Analysts are finishing up analyzing Economy Minister Sergio Massa’s latest gamble to contain finance dollars and access peso funding, announced on Tuesday.
The decision for public entities – in practice the ANSeS – to exchange their global securities in dollars (of foreign law) with securities in pesos and to sell their LA in dollars on the market (regulated by local law) has several objectives, according to what they said in Economics.
The Equilibra consultant, from Martín Rapetti and Diego Bossio, made a first reading and highlighted four keys:
The bonds are ANSeS holdings
The bond swap and sale applies to holdings of National State (AL, which are Local Law and GD, which are New York Law) dollar securities in the hands of non-financial National Public Sector (SPN) entities. In essence, it is the ANSeS Sustainability Guarantee Fund (FGS). That is, it does not apply to the Central Bank or Banco Nación.
Objective 1: Lower financial dollars
National public sector entities must sell their holdings of AL bonds (in dollars) through an agent designated by the Ministry of Economy. The purpose of this measure is increase the supply of dollar securities on the market and thus contain or lower alternative exchange rates (MEP and CCL), given the increasing dollarization of the private sector portfolio in an election year.
At Equilibra we value a dollar offering for these securities of approximately US$3,500 million.

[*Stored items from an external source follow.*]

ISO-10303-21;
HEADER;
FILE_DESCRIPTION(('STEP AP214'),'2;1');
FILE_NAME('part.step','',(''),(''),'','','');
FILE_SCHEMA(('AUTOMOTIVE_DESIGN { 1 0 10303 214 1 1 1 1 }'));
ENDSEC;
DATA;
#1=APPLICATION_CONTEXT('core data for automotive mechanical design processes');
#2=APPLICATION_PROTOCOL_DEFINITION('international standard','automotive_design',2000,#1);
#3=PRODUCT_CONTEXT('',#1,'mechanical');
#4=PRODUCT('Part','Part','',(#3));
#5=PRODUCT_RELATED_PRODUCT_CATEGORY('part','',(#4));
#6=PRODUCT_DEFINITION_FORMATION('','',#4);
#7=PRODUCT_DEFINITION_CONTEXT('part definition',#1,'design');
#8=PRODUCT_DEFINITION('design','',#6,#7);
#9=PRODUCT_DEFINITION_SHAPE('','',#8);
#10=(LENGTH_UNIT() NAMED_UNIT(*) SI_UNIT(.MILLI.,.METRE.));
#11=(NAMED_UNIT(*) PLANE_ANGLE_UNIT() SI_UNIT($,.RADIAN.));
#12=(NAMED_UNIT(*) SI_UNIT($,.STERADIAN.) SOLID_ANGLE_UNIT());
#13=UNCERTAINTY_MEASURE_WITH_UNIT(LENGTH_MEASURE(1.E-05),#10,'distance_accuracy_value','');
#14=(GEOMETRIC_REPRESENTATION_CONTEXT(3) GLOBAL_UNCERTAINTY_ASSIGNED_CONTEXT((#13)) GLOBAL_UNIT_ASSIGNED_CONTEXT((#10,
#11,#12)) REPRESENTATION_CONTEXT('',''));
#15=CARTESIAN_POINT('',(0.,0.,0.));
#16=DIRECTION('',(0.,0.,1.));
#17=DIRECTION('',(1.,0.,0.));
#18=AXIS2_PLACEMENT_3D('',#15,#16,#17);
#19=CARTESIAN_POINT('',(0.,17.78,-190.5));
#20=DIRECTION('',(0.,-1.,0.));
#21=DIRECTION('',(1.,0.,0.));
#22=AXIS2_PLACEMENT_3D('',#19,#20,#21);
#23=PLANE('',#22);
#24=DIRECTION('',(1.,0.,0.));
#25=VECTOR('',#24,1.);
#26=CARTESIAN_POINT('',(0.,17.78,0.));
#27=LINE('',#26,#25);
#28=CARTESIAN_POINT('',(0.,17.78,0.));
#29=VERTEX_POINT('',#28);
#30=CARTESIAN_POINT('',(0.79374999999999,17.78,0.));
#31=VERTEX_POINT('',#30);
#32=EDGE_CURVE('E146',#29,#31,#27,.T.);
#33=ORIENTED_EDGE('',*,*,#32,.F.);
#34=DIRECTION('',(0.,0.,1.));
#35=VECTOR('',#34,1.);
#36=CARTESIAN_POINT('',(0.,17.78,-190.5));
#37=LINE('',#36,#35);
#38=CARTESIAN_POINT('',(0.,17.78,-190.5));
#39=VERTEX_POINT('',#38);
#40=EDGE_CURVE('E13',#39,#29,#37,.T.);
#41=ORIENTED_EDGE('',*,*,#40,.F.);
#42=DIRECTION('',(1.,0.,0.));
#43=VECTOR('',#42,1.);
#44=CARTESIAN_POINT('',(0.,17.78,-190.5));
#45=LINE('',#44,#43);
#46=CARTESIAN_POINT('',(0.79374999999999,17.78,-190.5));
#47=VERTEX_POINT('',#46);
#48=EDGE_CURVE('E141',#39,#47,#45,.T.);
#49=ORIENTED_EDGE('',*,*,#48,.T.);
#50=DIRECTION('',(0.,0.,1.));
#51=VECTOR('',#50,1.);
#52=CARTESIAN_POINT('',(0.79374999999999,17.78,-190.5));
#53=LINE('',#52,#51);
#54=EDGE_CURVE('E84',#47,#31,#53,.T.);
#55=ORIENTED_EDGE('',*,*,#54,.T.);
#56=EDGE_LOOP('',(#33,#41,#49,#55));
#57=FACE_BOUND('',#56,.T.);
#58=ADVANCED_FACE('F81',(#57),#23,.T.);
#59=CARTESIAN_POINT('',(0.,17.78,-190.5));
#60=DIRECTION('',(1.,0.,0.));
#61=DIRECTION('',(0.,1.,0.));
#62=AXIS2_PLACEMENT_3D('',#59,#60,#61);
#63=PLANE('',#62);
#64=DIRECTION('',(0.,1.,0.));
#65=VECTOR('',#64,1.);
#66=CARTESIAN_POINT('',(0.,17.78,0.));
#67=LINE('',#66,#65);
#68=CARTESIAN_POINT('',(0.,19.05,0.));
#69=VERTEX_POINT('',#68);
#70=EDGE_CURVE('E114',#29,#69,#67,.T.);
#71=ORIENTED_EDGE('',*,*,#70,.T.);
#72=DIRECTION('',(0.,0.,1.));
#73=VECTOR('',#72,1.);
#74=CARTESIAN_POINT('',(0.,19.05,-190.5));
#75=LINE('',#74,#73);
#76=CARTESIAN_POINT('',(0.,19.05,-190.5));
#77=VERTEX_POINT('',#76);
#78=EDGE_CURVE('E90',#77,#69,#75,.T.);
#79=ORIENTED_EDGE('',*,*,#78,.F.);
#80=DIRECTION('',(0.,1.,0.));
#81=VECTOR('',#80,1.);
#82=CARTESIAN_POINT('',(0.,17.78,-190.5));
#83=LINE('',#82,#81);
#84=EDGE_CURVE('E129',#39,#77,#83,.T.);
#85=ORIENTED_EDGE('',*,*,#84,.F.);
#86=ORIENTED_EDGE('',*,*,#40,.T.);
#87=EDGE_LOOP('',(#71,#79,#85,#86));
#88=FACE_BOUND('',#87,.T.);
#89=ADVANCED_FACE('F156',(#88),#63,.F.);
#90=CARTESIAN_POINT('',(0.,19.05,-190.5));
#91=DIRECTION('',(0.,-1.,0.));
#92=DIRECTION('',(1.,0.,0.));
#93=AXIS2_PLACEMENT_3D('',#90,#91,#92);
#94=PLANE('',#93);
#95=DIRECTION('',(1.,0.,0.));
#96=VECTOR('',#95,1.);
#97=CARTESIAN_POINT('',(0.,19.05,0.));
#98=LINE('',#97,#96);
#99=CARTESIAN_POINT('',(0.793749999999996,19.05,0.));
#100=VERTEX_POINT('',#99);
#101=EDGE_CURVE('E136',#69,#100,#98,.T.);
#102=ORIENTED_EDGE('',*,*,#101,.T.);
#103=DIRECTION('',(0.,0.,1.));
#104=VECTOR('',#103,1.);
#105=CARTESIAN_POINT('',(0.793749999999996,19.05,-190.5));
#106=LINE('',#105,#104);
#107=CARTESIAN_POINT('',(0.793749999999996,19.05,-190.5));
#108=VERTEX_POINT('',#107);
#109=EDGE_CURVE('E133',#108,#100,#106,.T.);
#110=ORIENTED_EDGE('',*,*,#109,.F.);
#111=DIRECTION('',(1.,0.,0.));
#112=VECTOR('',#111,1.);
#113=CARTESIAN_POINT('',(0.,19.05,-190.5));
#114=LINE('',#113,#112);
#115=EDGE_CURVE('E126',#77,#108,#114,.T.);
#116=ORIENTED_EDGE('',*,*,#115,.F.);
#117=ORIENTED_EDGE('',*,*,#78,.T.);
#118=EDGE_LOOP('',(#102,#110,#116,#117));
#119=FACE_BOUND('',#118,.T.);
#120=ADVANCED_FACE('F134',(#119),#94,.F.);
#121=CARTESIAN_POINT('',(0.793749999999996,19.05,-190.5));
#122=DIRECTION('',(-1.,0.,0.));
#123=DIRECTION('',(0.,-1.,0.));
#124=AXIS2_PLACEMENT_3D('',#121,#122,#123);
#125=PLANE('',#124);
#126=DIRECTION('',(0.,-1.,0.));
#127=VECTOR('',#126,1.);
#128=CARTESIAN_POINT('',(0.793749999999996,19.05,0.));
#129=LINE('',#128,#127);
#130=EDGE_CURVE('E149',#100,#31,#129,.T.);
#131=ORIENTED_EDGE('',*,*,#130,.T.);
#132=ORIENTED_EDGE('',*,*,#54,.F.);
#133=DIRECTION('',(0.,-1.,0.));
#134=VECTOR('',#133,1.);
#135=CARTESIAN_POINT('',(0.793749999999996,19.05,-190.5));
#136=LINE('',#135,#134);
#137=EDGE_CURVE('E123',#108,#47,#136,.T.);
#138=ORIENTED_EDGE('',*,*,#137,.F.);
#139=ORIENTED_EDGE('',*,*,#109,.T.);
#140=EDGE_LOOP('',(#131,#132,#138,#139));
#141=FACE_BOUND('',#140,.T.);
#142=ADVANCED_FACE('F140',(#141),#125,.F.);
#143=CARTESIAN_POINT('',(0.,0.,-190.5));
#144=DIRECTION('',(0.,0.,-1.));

Objective 2: finance the Treasury
Public sector entities must direct 70% of the proceeds from the sale of AL bonds to purchase new Treasury peso bills. This could give you net financing to the Treasury of just under a trillion pesos and, therefore, finance the primary deficit and reduce the issuance needs of the central bank.
Debt relief in dollars
Public sector entities will exchange their holdings of GD bonds for new peso bonds indexed to the CER or the official dollar (CER, dollar-link or dual). With this measure, one seeks reduce dollar debt New York law and/or possibly use those collateral bonds for a repo (dollar loans from banks to the National Treasury).
contain the gap
Measurements should help to contain the currency gap in moments of dollarization of private portfolios (in a context of lower dollar inflow due to the drought —which would reduce the liquidation of agrocurrency exports by US$ 19,000 million—) and, at the same time, to obtain net financing in pesos to transit i pre-election months, when the private sector is reluctant to provide finance in pesos.
The state borrows at 25%
According to Equilibra, the announcements reduce the risk of a jump in the exchange rate gap ea reprofiling of debt in pesos. It does at the cost of increasing dollar debt (Argentine law) with the private sector “releasing it” a a rate in dollars greater than 25%. This is offset — to what extent remains to be seen when the results are published — by swapping dollar bonds (New York Law) for index-linked peso bonds.